Abstract

The aim of this study was to investigate whether patient satisfaction, as measured by the Hospital Consumer Assessment of Healthcare Providers and Systems (HCAHPS) survey, is associated with short-term outcomes after major cancer surgery. We first used national Medicare claims to identify patients who underwent a major extirpative cancer surgery from 2011 to 2013. Next, we used Hospital Compare data to assign the HCAHPS score to the hospital where the patient underwent surgery.
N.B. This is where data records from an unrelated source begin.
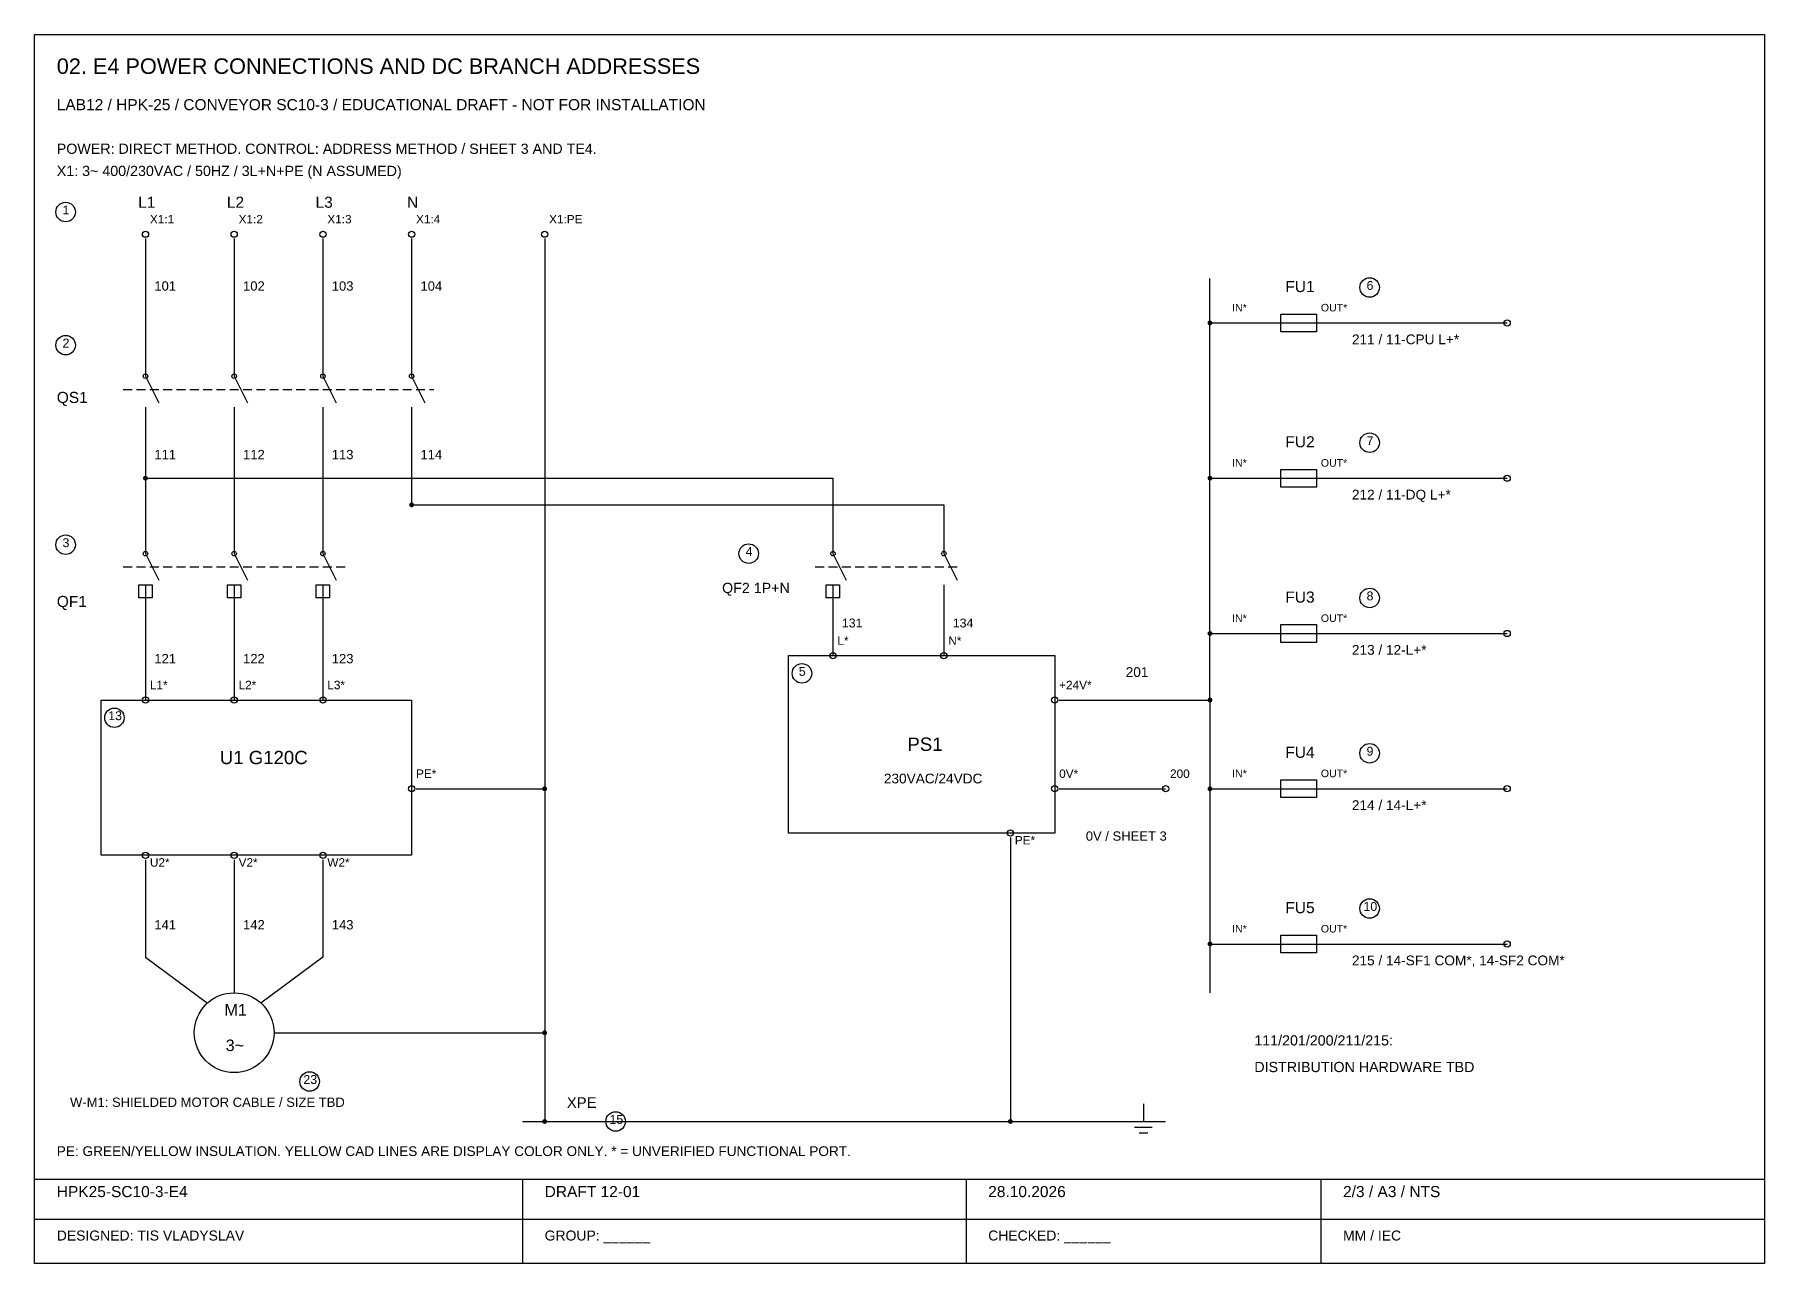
# Model space of a CAD drawing. Header units: millimetres. Extents: x 100 to 6450, y 50 to 1435.
# Drawn here: x 2300 to 4250, y 50 to 1435 of the extents above; entities that cross this region are included whole.
import ezdxf

# ---------------------------------------------------------------- set-up
doc = ezdxf.new("R2010")
doc.units = ezdxf.units.MM
doc.linetypes.add('DASH', pattern=[15, 10, -5])
for name, color, linetype in [('DEVICE', 7, 'Continuous'), ('FRAME', 8, 'Continuous'), ('MECH', 8, 'Continuous'), ('TEXT', 7, 'Continuous'), ('WIRE', 2, 'Continuous')]:
    doc.layers.add(name, color=color, linetype=linetype)
doc.styles.add('TEXT_STD', font='Arial.ttf')

msp = doc.modelspace()

# ---------------------------------------------------------------- hatches: boundary and pattern name
at = {"layer": 'WIRE'}
for points in [[(3627.8, 1110), (3627.7, 1110.5), (3627.5, 1111.1), (3627.3, 1111.5), (3626.9, 1111.9), (3626.5, 1112.3), (3626.1, 1112.5), (3625.5, 1112.7), (3625, 1112.8), (3624.5, 1112.7), (3623.9, 1112.5), (3623.5, 1112.3), (3623.1, 1111.9), (3622.7, 1111.5), (3622.5, 1111.1), (3622.3, 1110.5), (3622.2, 1110), (3622.3, 1109.5), (3622.5, 1108.9), (3622.7, 1108.5), (3623.1, 1108.1), (3623.5, 1107.7), (3623.9, 1107.5), (3624.5, 1107.3), (3625, 1107.2), (3625.5, 1107.3), (3626.1, 1107.5), (3626.5, 1107.7), (3626.9, 1108.1), (3627.3, 1108.5), (3627.5, 1108.9), (3627.7, 1109.5)], [(2427.8, 935), (2427.7, 935.5), (2427.5, 936.1), (2427.3, 936.5), (2426.9, 936.9), (2426.5, 937.3), (2426.1, 937.5), (2425.5, 937.7), (2425, 937.8), (2424.5, 937.7), (2423.9, 937.5), (2423.5, 937.3), (2423.1, 936.9), (2422.7, 936.5), (2422.5, 936.1), (2422.3, 935.5), (2422.2, 935), (2422.3, 934.5), (2422.5, 933.9), (2422.7, 933.5), (2423.1, 933.1), (2423.5, 932.7), (2423.9, 932.5), (2424.5, 932.3), (2425, 932.2), (2425.5, 932.3), (2426.1, 932.5), (2426.5, 932.7), (2426.9, 933.1), (2427.3, 933.5), (2427.5, 933.9), (2427.7, 934.5)], [(3627.8, 935), (3627.7, 935.5), (3627.5, 936.1), (3627.3, 936.5), (3626.9, 936.9), (3626.5, 937.3), (3626.1, 937.5), (3625.5, 937.7), (3625, 937.8), (3624.5, 937.7), (3623.9, 937.5), (3623.5, 937.3), (3623.1, 936.9), (3622.7, 936.5), (3622.5, 936.1), (3622.3, 935.5), (3622.2, 935), (3622.3, 934.5), (3622.5, 933.9), (3622.7, 933.5), (3623.1, 933.1), (3623.5, 932.7), (3623.9, 932.5), (3624.5, 932.3), (3625, 932.2), (3625.5, 932.3), (3626.1, 932.5), (3626.5, 932.7), (3626.9, 933.1), (3627.3, 933.5), (3627.5, 933.9), (3627.7, 934.5)], [(2727.8, 905), (2727.7, 905.5), (2727.5, 906.1), (2727.3, 906.5), (2726.9, 906.9), (2726.5, 907.3), (2726.1, 907.5), (2725.5, 907.7), (2725, 907.8), (2724.5, 907.7), (2723.9, 907.5), (2723.5, 907.3), (2723.1, 906.9), (2722.7, 906.5), (2722.5, 906.1), (2722.3, 905.5), (2722.2, 905), (2722.3, 904.5), (2722.5, 903.9), (2722.7, 903.5), (2723.1, 903.1), (2723.5, 902.7), (2723.9, 902.5), (2724.5, 902.3), (2725, 902.2), (2725.5, 902.3), (2726.1, 902.5), (2726.5, 902.7), (2726.9, 903.1), (2727.3, 903.5), (2727.5, 903.9), (2727.7, 904.5)], [(3627.8, 760), (3627.7, 760.5), (3627.5, 761.1), (3627.3, 761.5), (3626.9, 761.9), (3626.5, 762.3), (3626.1, 762.5), (3625.5, 762.7), (3625, 762.8), (3624.5, 762.7), (3623.9, 762.5), (3623.5, 762.3), (3623.1, 761.9), (3622.7, 761.5), (3622.5, 761.1), (3622.3, 760.5), (3622.2, 760), (3622.3, 759.5), (3622.5, 758.9), (3622.7, 758.5), (3623.1, 758.1), (3623.5, 757.7), (3623.9, 757.5), (3624.5, 757.3), (3625, 757.2), (3625.5, 757.3), (3626.1, 757.5), (3626.5, 757.7), (3626.9, 758.1), (3627.3, 758.5), (3627.5, 758.9), (3627.7, 759.5)], [(3627.8, 685), (3627.7, 685.5), (3627.5, 686.1), (3627.3, 686.5), (3626.9, 686.9), (3626.5, 687.3), (3626.1, 687.5), (3625.5, 687.7), (3625, 687.8), (3624.5, 687.7), (3623.9, 687.5), (3623.5, 687.3), (3623.1, 686.9), (3622.7, 686.5), (3622.5, 686.1), (3622.3, 685.5), (3622.2, 685), (3622.3, 684.5), (3622.5, 683.9), (3622.7, 683.5), (3623.1, 683.1), (3623.5, 682.7), (3623.9, 682.5), (3624.5, 682.3), (3625, 682.2), (3625.5, 682.3), (3626.1, 682.5), (3626.5, 682.7), (3626.9, 683.1), (3627.3, 683.5), (3627.5, 683.9), (3627.7, 684.5)], [(2877.8, 585), (2877.7, 585.5), (2877.5, 586.1), (2877.3, 586.5), (2876.9, 586.9), (2876.5, 587.3), (2876.1, 587.5), (2875.5, 587.7), (2875, 587.8), (2874.5, 587.7), (2873.9, 587.5), (2873.5, 587.3), (2873.1, 586.9), (2872.7, 586.5), (2872.5, 586.1), (2872.3, 585.5), (2872.2, 585), (2872.3, 584.5), (2872.5, 583.9), (2872.7, 583.5), (2873.1, 583.1), (2873.5, 582.7), (2873.9, 582.5), (2874.5, 582.3), (2875, 582.2), (2875.5, 582.3), (2876.1, 582.5), (2876.5, 582.7), (2876.9, 583.1), (2877.3, 583.5), (2877.5, 583.9), (2877.7, 584.5)], [(3627.8, 585), (3627.7, 585.5), (3627.5, 586.1), (3627.3, 586.5), (3626.9, 586.9), (3626.5, 587.3), (3626.1, 587.5), (3625.5, 587.7), (3625, 587.8), (3624.5, 587.7), (3623.9, 587.5), (3623.5, 587.3), (3623.1, 586.9), (3622.7, 586.5), (3622.5, 586.1), (3622.3, 585.5), (3622.2, 585), (3622.3, 584.5), (3622.5, 583.9), (3622.7, 583.5), (3623.1, 583.1), (3623.5, 582.7), (3623.9, 582.5), (3624.5, 582.3), (3625, 582.2), (3625.5, 582.3), (3626.1, 582.5), (3626.5, 582.7), (3626.9, 583.1), (3627.3, 583.5), (3627.5, 583.9), (3627.7, 584.5)], [(3627.8, 410), (3627.7, 410.5), (3627.5, 411.1), (3627.3, 411.5), (3626.9, 411.9), (3626.5, 412.3), (3626.1, 412.5), (3625.5, 412.7), (3625, 412.8), (3624.5, 412.7), (3623.9, 412.5), (3623.5, 412.3), (3623.1, 411.9), (3622.7, 411.5), (3622.5, 411.1), (3622.3, 410.5), (3622.2, 410), (3622.3, 409.5), (3622.5, 408.9), (3622.7, 408.5), (3623.1, 408.1), (3623.5, 407.7), (3623.9, 407.5), (3624.5, 407.3), (3625, 407.2), (3625.5, 407.3), (3626.1, 407.5), (3626.5, 407.7), (3626.9, 408.1), (3627.3, 408.5), (3627.5, 408.9), (3627.7, 409.5)], [(2877.8, 310), (2877.7, 310.5), (2877.5, 311.1), (2877.3, 311.5), (2876.9, 311.9), (2876.5, 312.3), (2876.1, 312.5), (2875.5, 312.7), (2875, 312.8), (2874.5, 312.7), (2873.9, 312.5), (2873.5, 312.3), (2873.1, 311.9), (2872.7, 311.5), (2872.5, 311.1), (2872.3, 310.5), (2872.2, 310), (2872.3, 309.5), (2872.5, 308.9), (2872.7, 308.5), (2873.1, 308.1), (2873.5, 307.7), (2873.9, 307.5), (2874.5, 307.3), (2875, 307.2), (2875.5, 307.3), (2876.1, 307.5), (2876.5, 307.7), (2876.9, 308.1), (2877.3, 308.5), (2877.5, 308.9), (2877.7, 309.5)], [(2877.8, 210), (2877.7, 210.5), (2877.5, 211.1), (2877.3, 211.5), (2876.9, 211.9), (2876.5, 212.3), (2876.1, 212.5), (2875.5, 212.7), (2875, 212.8), (2874.5, 212.7), (2873.9, 212.5), (2873.5, 212.3), (2873.1, 211.9), (2872.7, 211.5), (2872.5, 211.1), (2872.3, 210.5), (2872.2, 210), (2872.3, 209.5), (2872.5, 208.9), (2872.7, 208.5), (2873.1, 208.1), (2873.5, 207.7), (2873.9, 207.5), (2874.5, 207.3), (2875, 207.2), (2875.5, 207.3), (2876.1, 207.5), (2876.5, 207.7), (2876.9, 208.1), (2877.3, 208.5), (2877.5, 208.9), (2877.7, 209.5)], [(3402.8, 210), (3402.7, 210.5), (3402.5, 211.1), (3402.3, 211.5), (3401.9, 211.9), (3401.5, 212.3), (3401.1, 212.5), (3400.5, 212.7), (3400, 212.8), (3399.5, 212.7), (3398.9, 212.5), (3398.5, 212.3), (3398.1, 211.9), (3397.7, 211.5), (3397.5, 211.1), (3397.3, 210.5), (3397.2, 210), (3397.3, 209.5), (3397.5, 208.9), (3397.7, 208.5), (3398.1, 208.1), (3398.5, 207.7), (3398.9, 207.5), (3399.5, 207.3), (3400, 207.2), (3400.5, 207.3), (3401.1, 207.5), (3401.5, 207.7), (3401.9, 208.1), (3402.3, 208.5), (3402.5, 208.9), (3402.7, 209.5)]]:
    msp.add_hatch(color=2, dxfattribs=at).paths.add_polyline_path(points)

# ---------------------------------------------------------------- linework, layer by layer
at = {"layer": 'DEVICE'}
for p, q in [((3705, 1120), (3745, 1120)), ((3705, 1100), (3705, 1120)), ((3745, 1120), (3745, 1100)), ((3705, 1110), (3745, 1110)), ((3745, 1100), (3705, 1100)), ((2425, 1050), (2440, 1020)), ((2525, 1050), (2540, 1020)), ((2625, 1050), (2640, 1020)), ((2725, 1050), (2740, 1020)), ((3705, 945), (3745, 945)), ((3705, 925), (3705, 945)), ((3745, 945), (3745, 925)), ((3705, 935), (3745, 935)), ((3745, 925), (3705, 925)), ((2425, 850), (2440, 820)), ((2525, 850), (2540, 820)), ((2625, 850), (2640, 820)), ((3200, 850), (3215, 820)), ((3325, 850), (3340, 820)), ((2417.5, 815), (2432.5, 815)), ((2417.5, 800), (2417.5, 815)), ((2432.5, 800), (2417.5, 800)), ((2432.5, 815), (2432.5, 800)), ((2517.5, 815), (2532.5, 815)), ((2517.5, 800), (2517.5, 815)), ((2532.5, 800), (2517.5, 800)), ((2532.5, 815), (2532.5, 800)), ((2617.5, 815), (2632.5, 815)), ((2617.5, 800), (2617.5, 815)), ((2632.5, 800), (2617.5, 800)), ((2632.5, 815), (2632.5, 800)), ((3192.5, 815), (3207.5, 815)), ((3192.5, 800), (3192.5, 815)), ((3207.5, 800), (3192.5, 800)), ((3207.5, 815), (3207.5, 800)), ((3705, 770), (3745, 770)), ((3705, 750), (3705, 770)), ((3745, 770), (3745, 750)), ((3705, 760), (3745, 760)), ((3745, 750), (3705, 750)), ((3150, 735), (3450, 735)), ((3150, 535), (3150, 735)), ((3450, 735), (3450, 535)), ((2375, 685), (2725, 685)), ((2375, 510), (2375, 685)), ((2725, 685), (2725, 510)), ((3705, 595), (3745, 595)), ((3705, 575), (3705, 595)), ((3705, 585), (3745, 585)), ((3745, 595), (3745, 575)), ((3745, 575), (3705, 575)), ((3450, 535), (3150, 535)), ((2725, 510), (2375, 510)), ((3705, 420), (3745, 420)), ((3705, 400), (3705, 420)), ((3705, 410), (3745, 410)), ((3745, 420), (3745, 400)), ((3745, 400), (3705, 400))]:
    msp.add_line(p, q, dxfattribs=at)
for centre, radius in [((2335, 1235), 11), ((2425, 1210), 3.5), ((2525, 1210), 3.5), ((2625, 1210), 3.5), ((2725, 1210), 3.5), ((2875, 1210), 3.5), ((3805, 1150), 11), ((3960, 1110), 3.5), ((2335, 1085), 11), ((2425, 1050), 2.5), ((2525, 1050), 2.5), ((2625, 1050), 2.5), ((2725, 1050), 2.5), ((3805, 975), 11), ((3960, 935), 3.5), ((2335, 860), 11), ((3105, 850), 11), ((2425, 850), 2.5), ((2525, 850), 2.5), ((2625, 850), 2.5), ((3200, 850), 2.5), ((3325, 850), 2.5), ((3805, 800), 11), ((3960, 760), 3.5), ((3165, 715), 11), ((3200, 735), 3.5), ((3325, 735), 3.5), ((2425, 685), 3.5), ((2525, 685), 3.5), ((2625, 685), 3.5), ((3450, 685), 3.5), ((2390, 665), 11), ((3805, 625), 11), ((2725, 585), 3.5), ((3450, 585), 3.5), ((3575, 585), 3.5), ((3960, 585), 3.5), ((3400, 535), 3.5), ((2425, 510), 3.5), ((2525, 510), 3.5), ((2625, 510), 3.5), ((3805, 450), 11), ((3960, 410), 3.5), ((2525, 310), 45), ((2610, 255), 11), ((2955, 210), 11)]:
    msp.add_circle(centre, radius, dxfattribs=at)
at = {"layer": 'FRAME'}
for p, q in [((2300, 1435), (4250, 1435)), ((2300, 50), (2300, 1435)), ((4250, 1435), (4250, 50)), ((2300, 145), (4250, 145)), ((2850, 145), (2850, 50)), ((3350, 145), (3350, 50)), ((3750, 145), (3750, 50)), ((2300, 100), (4250, 100)), ((4250, 50), (2300, 50))]:
    msp.add_line(p, q, dxfattribs=at)
at = {"layer": 'MECH', "linetype": 'DASH'}
for p, q in [((2400, 1035), (2750, 1035)), ((2400, 835), (2650, 835)), ((3180, 835), (3345, 835))]:
    msp.add_line(p, q, dxfattribs=at)
at = {"layer": 'WIRE'}
for p, q in [((2425, 1205), (2425, 1080)), ((2525, 1205), (2525, 1080)), ((2625, 1205), (2625, 1080)), ((2725, 1205), (2725, 1080)), ((2875, 1205), (2875, 210)), ((3625, 685), (3625, 1160)), ((3625, 1110), (3705, 1110)), ((3745, 1110), (3960, 1110)), ((2425, 1080), (2425, 1050)), ((2525, 1080), (2525, 1050)), ((2625, 1080), (2625, 1050)), ((2725, 1080), (2725, 1050)), ((2425, 1015), (2425, 990)), ((2525, 1015), (2525, 990)), ((2625, 1015), (2625, 990)), ((2725, 1015), (2725, 990)), ((2425, 990), (2425, 880)), ((2525, 990), (2525, 880)), ((2625, 990), (2625, 880)), ((2725, 990), (2725, 905)), ((2425, 935), (3200, 935)), ((3200, 935), (3200, 880)), ((3625, 935), (3705, 935)), ((3745, 935), (3960, 935)), ((2725, 905), (3325, 905)), ((3325, 905), (3325, 880)), ((2425, 880), (2425, 850)), ((2525, 880), (2525, 850)), ((2625, 880), (2625, 850)), ((3200, 880), (3200, 850)), ((3325, 880), (3325, 850)), ((2425, 815), (2425, 790)), ((2525, 815), (2525, 790)), ((2625, 815), (2625, 790)), ((3200, 815), (3200, 790)), ((3325, 815), (3325, 790)), ((2425, 790), (2425, 685)), ((2525, 790), (2525, 685)), ((2625, 790), (2625, 685)), ((3200, 790), (3200, 735)), ((3325, 790), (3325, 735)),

We then performed univariate statistical analyses and fit multilevel logistic regression models to evaluate the relationship between excellent patient satisfaction and short-term cancer surgery outcomes for all surgery types combined and then by each individual surgery type. We identified 373,692 patients who underwent major cancer surgery for one of nine cancers at 2617 hospitals. In both unadjusted and adjusted analyses, hospitals with higher proportions of patients reporting excellent satisfaction had lower complication rates (p<0.001), readmissions (p<0.001), mortality (p<0.001), and prolonged length of stay (p<0.001) than hospitals with lower proportions of satisfied patients, but with modest differences. This finding held true broadly across individual cancer types for complications, mortality, and prolonged length of stay, but less so for readmissions. Hospital-wide excellent patient satisfaction scores are associated with short-term outcomes after major cancer surgery overall, but are modest in magnitude.